FLINT, Mich. -- Former Michigan Gov. Rick Snyder, his health director and other ex-officials have been told they’re being charged after a new investigation of the Flint water scandal, which devastated the majority Black city with lead-contaminated water and was blamed for a deadly outbreak of Legionnaires’ disease, The Associated Press has learned.
Two people with knowledge of the planned prosecution told the AP on Tuesday that the attorney general’s office has informed defense lawyers about indictments in Flint and told them to expect initial court appearances soon.
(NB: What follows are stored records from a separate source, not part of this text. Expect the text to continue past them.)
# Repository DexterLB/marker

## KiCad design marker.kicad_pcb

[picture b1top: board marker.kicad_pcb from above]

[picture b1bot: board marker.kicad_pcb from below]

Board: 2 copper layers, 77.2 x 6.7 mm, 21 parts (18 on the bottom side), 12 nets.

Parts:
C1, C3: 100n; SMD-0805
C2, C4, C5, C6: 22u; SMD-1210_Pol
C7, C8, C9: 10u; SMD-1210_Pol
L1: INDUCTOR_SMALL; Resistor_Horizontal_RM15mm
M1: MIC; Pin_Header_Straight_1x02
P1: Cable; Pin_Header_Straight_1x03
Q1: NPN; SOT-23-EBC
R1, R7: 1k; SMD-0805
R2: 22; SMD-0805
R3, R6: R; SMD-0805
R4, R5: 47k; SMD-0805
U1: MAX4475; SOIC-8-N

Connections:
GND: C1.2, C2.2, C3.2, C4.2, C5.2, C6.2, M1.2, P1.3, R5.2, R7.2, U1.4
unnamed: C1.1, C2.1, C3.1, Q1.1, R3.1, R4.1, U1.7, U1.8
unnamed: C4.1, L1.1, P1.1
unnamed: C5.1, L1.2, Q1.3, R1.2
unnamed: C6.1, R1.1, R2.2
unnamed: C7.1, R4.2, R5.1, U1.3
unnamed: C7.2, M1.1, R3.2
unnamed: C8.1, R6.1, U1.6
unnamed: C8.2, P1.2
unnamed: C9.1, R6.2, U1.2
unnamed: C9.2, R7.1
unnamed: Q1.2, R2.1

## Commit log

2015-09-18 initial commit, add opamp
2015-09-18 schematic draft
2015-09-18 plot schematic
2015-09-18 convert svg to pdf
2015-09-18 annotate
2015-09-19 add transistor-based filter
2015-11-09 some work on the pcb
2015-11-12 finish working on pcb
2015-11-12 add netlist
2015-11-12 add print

They spoke to the AP on condition of anonymity because they were not authorized to speak publicly.
The AP could not determine the nature of the charges against Snyder, former health department director Nick Lyon and others who were in his administration, including Rich Baird, a friend who was the governor's key troubleshooter while in office.
Courtney Covington Watkins, a spokeswoman for the attorney general's office, said only that investigators were “working diligently” and “will share more as soon as we’re in a position to do so.”
Snyder, a Republican who has been out of office for two years, was governor when state-appointed managers in Flint switched the city’s water to the Flint River in 2014 as a cost-saving step while a pipeline was being built to Lake Huron. The water, however, was not treated to reduce corrosion — a disastrous decision affirmed by state regulators that caused lead to leach from old pipes and spoil the distribution system used by nearly 100,000 residents.
Snyder’s attorney, Brian Lennon, released a blistering statement Tuesday, saying a criminal prosecution would be “outrageous.” He said state prosecutors have refused to “share information about these charges with us.”
“Rather than following the evidence to find the truth, the Office of Special Counsel appears to be targeting former Gov. Snyder in a political escapade,” Lennon said.
Snyder apologized for the catastrophe during his 2016 State of the State speech and said government at all levels had failed Flint.
LeeAnne Walters, a mother of four who is credited with exposing the lead contamination, said she wants details about the charges.
“The very fact that people are being held accountable is an amazing feat," Walters said. "But when people’s lives have been lost and children have been severely hurt, it doesn’t seem like enough.”
The disaster made Flint a nationwide symbol of governmental mismanagement, with residents lining up for bottled water and parents fearing that their children had suffered permanent harm. Lead can damage the brain and nervous system and cause learning and behavior problems. The crisis was highlighted as an example of environmental injustice and racism.
At the same time, bacteria in the water was blamed for an outbreak of Legionnaires’. Legionella bacteria can emerge through misting and cooling systems, triggering a severe form of pneumonia, especially in people with weakened immune systems. Authorities counted at least 90 cases in Genesee County, including 12 deaths.
The outbreak was announced by Snyder and Lyon in January 2016, although Lyon conceded that he knew that cases were being reported many months earlier.
In 2018, Lyon was ordered to stand trial on involuntary manslaughter charges after a special prosecutor accused him of failing to timely inform the public about the outbreak. His attorneys argued there wasn't enough solid information to share earlier.
By June 2019, the entire Flint water investigation was turned upside down after more than three years and millions of dollars. Prosecutors working under a new attorney general, Dana Nessel, dismissed the case against Lyon as well as charges against seven more people and said the probe would start anew. They said all available evidence was not pursued by the previous team of prosecutors.
The decision didn't affect seven people who had already pleaded no contest to misdemeanors. They cooperated with investigators and their records were eventually scrubbed clean.
Lyon's attorney said he was turned down when he asked prosecutors for a copy of new charges. The new case “would be a travesty of justice," Chip Chamberlain said.
Testimony at court hearings had raised questions about when Snyder knew about the Legionnaires' outbreak. His urban affairs adviser, Harvey Hollins, told a judge that the governor was informed on Christmas Eve 2015. But Snyder had told reporters three weeks later, in January 2016, that he had just learned about it.
Defense attorney Randy Levine said he was informed Monday that Baird, a Flint native, would face charges. Another lawyer, Jamie White, said former Flint public works chief Howard Croft is being charged.
"When the Flint water crisis hit, he wasn’t assigned by Gov. Snyder to go to Flint, but rather he raised his hand and volunteered," Levine said of Baird.
A resident, Edna Sabucco, 61, said she still uses water filters, although the lead service line at her home of 40-plus years has been replaced, along with more than 9,700 others in Flint.
“He swept things under the rug, in my opinion, and to me that makes him just as guilty as everybody else because he should have come out singing like a canary,” Sabucco said of Snyder.
Separately, the state, Flint, a hospital and an engineering firm have agreed to a $641 million settlement with residents over the water crisis, with $600 million coming from Michigan. A judge is considering whether to grant preliminary approval.
White reported from Detroit. Eggert reported from Lansing. John Flesher in Traverse City contributed to this story.